There is still a lot to do, and working with the well understood and small-scopped lib like safeptrace would be awesome! Please publish :)

At this stage, I am not looking to build a full decoder for each syscall, but some basics like (signed/unsigned) int, a bool, string, and address would be an awesome start. Eventually it might be fun to have auto-generated structs, but ... baby steps. So the steps above look reasonable, and i will see how it can be better implemented as an opt-in feature of your crate.

from syscalls.

jasonwhite avatar jasonwhite commented on June 8, 2024

I saw lurk posted on /r/rust a while back. Looks exciting! I've actually got quite a lot of experience with what you're doing. ;)

Regarding syscall "groups": See #20. Defining sets of syscalls should be relatively easy. I would just copy what strace has done (see links in that issue). To keep the core of this library small, I'd also put it behind a feature flag that is off by default.

I'm also the author/maintainer of Reverie, where I also implemented a toy version of strace that is able to pretty-print the arguments. The mapping of syscall numbers to argument types is defined here. However, it's a crap-ton of code and I wouldn't do it that way again because, like you said, it is architecture-specific and it is hard to maintain. It only supports x86-64 and aarch64 right now. I can probably get reverie-syscalls published on crates.io if you wish.

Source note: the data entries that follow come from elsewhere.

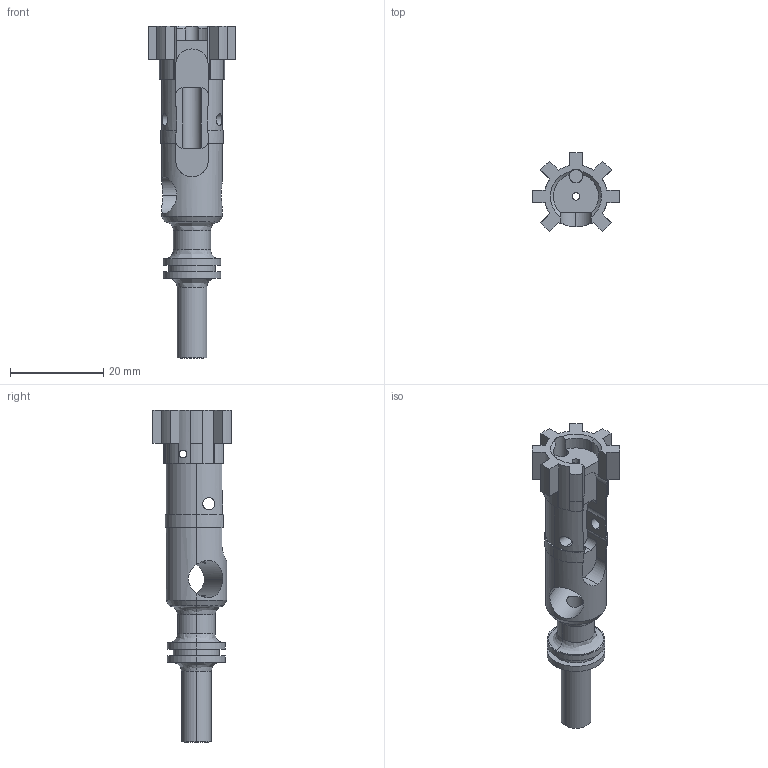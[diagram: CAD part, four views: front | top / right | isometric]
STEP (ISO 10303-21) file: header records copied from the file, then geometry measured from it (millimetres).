
FILE_DESCRIPTION (( 'STEP AP214' ), '1' );
FILE_NAME ('User Library-M4A1 - Bolt Carrier - Assembly_M4A1 - Bolt - Bolt1.STEP', '2013-05-23T12:54:04', ( 'Asher' ), ( '' ), 'SwSTEP 2.0', 'SolidWorks 2013', '' );
FILE_SCHEMA (( 'AUTOMOTIVE_DESIGN' ));
Length unit declared in the file: millimetre
Products named in the file (1): User Library-M4A1 - Bolt Carrier - Assembly_M4A1 - Bolt - Bolt1
Bounding box: 18.78 x 16.9 x 71.07 mm (x, y, z)
Volume: 4759.3 mm3; surface area: 4653 mm2
Topology: 1 solids, 1 shells, 140 faces, 392 edges, 253 vertices
Faces by surface type: cylinder 77, plane 48, cone 9, bspline 6
Entity records: 5486 total; most frequent: CARTESIAN_POINT 1800, ORIENTED_EDGE 784, DIRECTION 758, EDGE_CURVE 392, AXIS2_PLACEMENT_3D 277, VERTEX_POINT 253, LINE 204, VECTOR 204

Instead, because Linux is the source of truth and contains all the information you need, what I would do is this:

  1. Compile Linux for your target architecture with debug symbols on. The result is a vmlinux ELF file. Some distos include debug symbols in their compiled Linux at /boot/vmlinux-*, but this only covers 1 architecture.
  2. Using goblin or a similar ELF parsing library, find the syscall table symbol (sys_call_table). This is an array of syscall functions. Whenever Linux traps the syscall instruction, it calls the function with something like sys_call_table[sysno](args...).
  3. Conveniently, Linux also stores metadata on all syscalls (because BPF needs it). This metadata includes all of the argument names and types of every syscall.
  4. Now, just because we know the C types for all syscall arguments, it doesn't mean we can do much with it in the Rust world. For this, we can define a simple mapping to get the Rust version of the argument type. For example, unsigned char* becomes *mut u8, const int* becomes *const i32, struct statx* becomes *mut libc::statx, etc. This can convert the majority of argument types, but there are some cases where libc doesn't have the equivalent type. For those, you can just map it to *mut libc::c_void. However, if you really want the full definition of the struct, it can be found in the debug info as well. You'd just need to search transitively through the struct/union definitions.
  5. Using your newfound powers, you can generate the equivalent Rust code in whatever format you want, deriving the pretty-printing of the argument types. There are some very tricky corner cases, like figuring out what each of the possible request/response types are for ioctl. If you parse deeply enough, I think this can be derived as well.

This script does steps 1-3 and was used to generate the syscall table at https://jasonwhite.io/thing/syscalls/. Since this will likely generate a lot of code, I probably wouldn't put it in the syscalls library. It should probably go into its own crate.

FYI, I also wrote safeptrace. It helps to avoid shooting yourself in the foot with the ptrace API and also provides a very efficient async ptrace API. I've been meaning to get it published as a crate as well.

from syscalls.

jasonwhite avatar jasonwhite commented on June 8, 2024

For syscall categories/groups, I don't think it should go into the syscall_enum! macro because then I think you'd have to modify syscall-gen to spit out the categories. I think the following would be a reasonable approach.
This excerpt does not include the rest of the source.